As such, I’ve made some changes to my investing strategy. Now, rather than focusing exclusively on value stocks, I’ve increased my exposure to growth investments.
Investing strategy
Over the past year, I’ve increased my exposure to high-quality growth stocks such as Diageo. This may not be a growth stock in the traditional sense, but I believe its portfolio of brands leaves it well-placed to navigate any investment environment.
I’ve also added to my holdings of insurance group Admiral. I’ve been impressed by the company’s recent efforts to diversify into different markets, as growth in its international divisions shows.
Last year, the group faced some significant challenges, as the demand for car insurance dropped.

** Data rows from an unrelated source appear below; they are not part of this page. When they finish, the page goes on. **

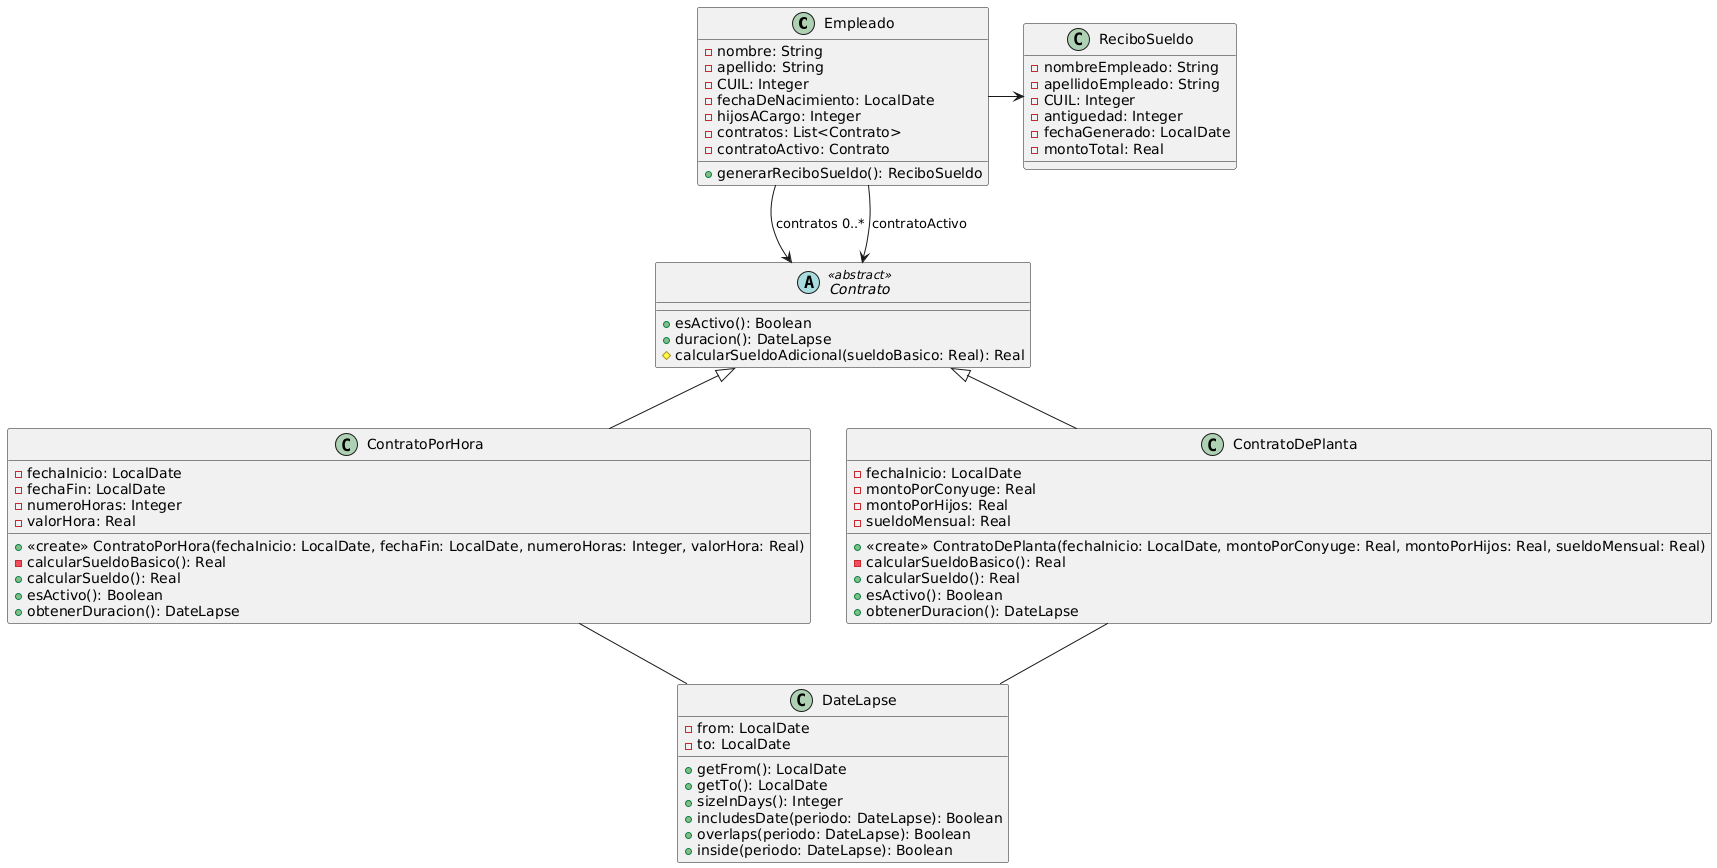

The diagram above was rendered by PlantUML. Its source (embedded in the PNG):
@startuml
class Empleado {
-nombre: String
-apellido: String
-CUIL: Integer
-fechaDeNacimiento: LocalDate
-hijosACargo: Integer
-contratos: List<Contrato>
-contratoActivo: Contrato
+generarReciboSueldo(): ReciboSueldo
}

abstract class Contrato <<abstract>> {
+esActivo(): Boolean
+duracion(): DateLapse
#calcularSueldoAdicional(sueldoBasico: Real): Real
}

class ContratoPorHora {
-fechaInicio: LocalDate
-fechaFin: LocalDate
-numeroHoras: Integer
-valorHora: Real
+<<create>> ContratoPorHora(fechaInicio: LocalDate, fechaFin: LocalDate, numeroHoras: Integer, valorHora: Real)
-calcularSueldoBasico(): Real
+calcularSueldo(): Real
+esActivo(): Boolean
+obtenerDuracion(): DateLapse
}

class ContratoDePlanta {
-fechaInicio: LocalDate
-montoPorConyuge: Real
-montoPorHijos: Real
-sueldoMensual: Real
+<<create>> ContratoDePlanta(fechaInicio: LocalDate, montoPorConyuge: Real, montoPorHijos: Real, sueldoMensual: Real)
-calcularSueldoBasico(): Real
+calcularSueldo(): Real
+esActivo(): Boolean
+obtenerDuracion(): DateLapse
}

class ReciboSueldo {
-nombreEmpleado: String
-apellidoEmpleado: String
-CUIL: Integer
-antiguedad: Integer
-fechaGenerado: LocalDate
-montoTotal: Real
}

class DateLapse {
-from: LocalDate
-to: LocalDate
+getFrom(): LocalDate
+getTo(): LocalDate
+sizeInDays(): Integer
+includesDate(periodo: DateLapse): Boolean
+overlaps(periodo: DateLapse): Boolean
+inside(periodo: DateLapse): Boolean
}

Contrato <|-- ContratoPorHora
Contrato <|-- ContratoDePlanta

Empleado --> Contrato: contratos 0..*
Empleado --> Contrato: contratoActivo

Empleado -right-> ReciboSueldo

ContratoPorHora -- DateLapse
ContratoDePlanta -- DateLapse
@enduml

However, a lower level of claims offset this decline in revenues, helping to boost profitability overall.
Investing in single stocks is a process that carries significant risks. There’s no guarantee either of the companies outlined above will be able to achieve the kind of growth I’m looking for as we advance. They may also suffer from increased competition, which could restrict earnings growth.
Diversification
Due to the challenges of investing in single stocks, I’ve also been increasing my holdings of investment funds.
In my opinion, investment trusts and funds offer a great way to build exposure to an extensive portfolio of stocks and shares relatively quickly.
I think this strategy is particularly helpful when investing in small- and medium-sized companies. These can be difficult to analyse. The diversification offered by these funds also provides a level of protection.
One I’ve been buying recently is the Henderson Smaller Companies investment trust. This firm owns a portfolio of over 100 different small- and mid-sized UK businesses.
At the beginning of this article, I mentioned one of the main lessons I’d learnt in the past year was the unpredictability of stock markets.
As a result, I’ve invested a large chunk of my portfolio in the S&P 500. This index provides exposure to some of America’s biggest and best technology companies. Moreover, unlike active funds, it doesn’t rely on asset managers to pick stocks.
Unfortunately, this strategy isn’t perfect. As the S&P 500 tracker is only designed to track the index, there’s no chance of it outperforming it. On the other hand, there’s a chance that Henderson trust could underperform the market if managers pick the wrong stocks.
The bottom line
Last year was an extraordinary one in many ways. It taught me a lot about investing and led me to make the changes to my portfolio I’ve outlined above. I believe these changes will help me cope with the uncertain environment that currently dominates the outlook for the economy and equity markets.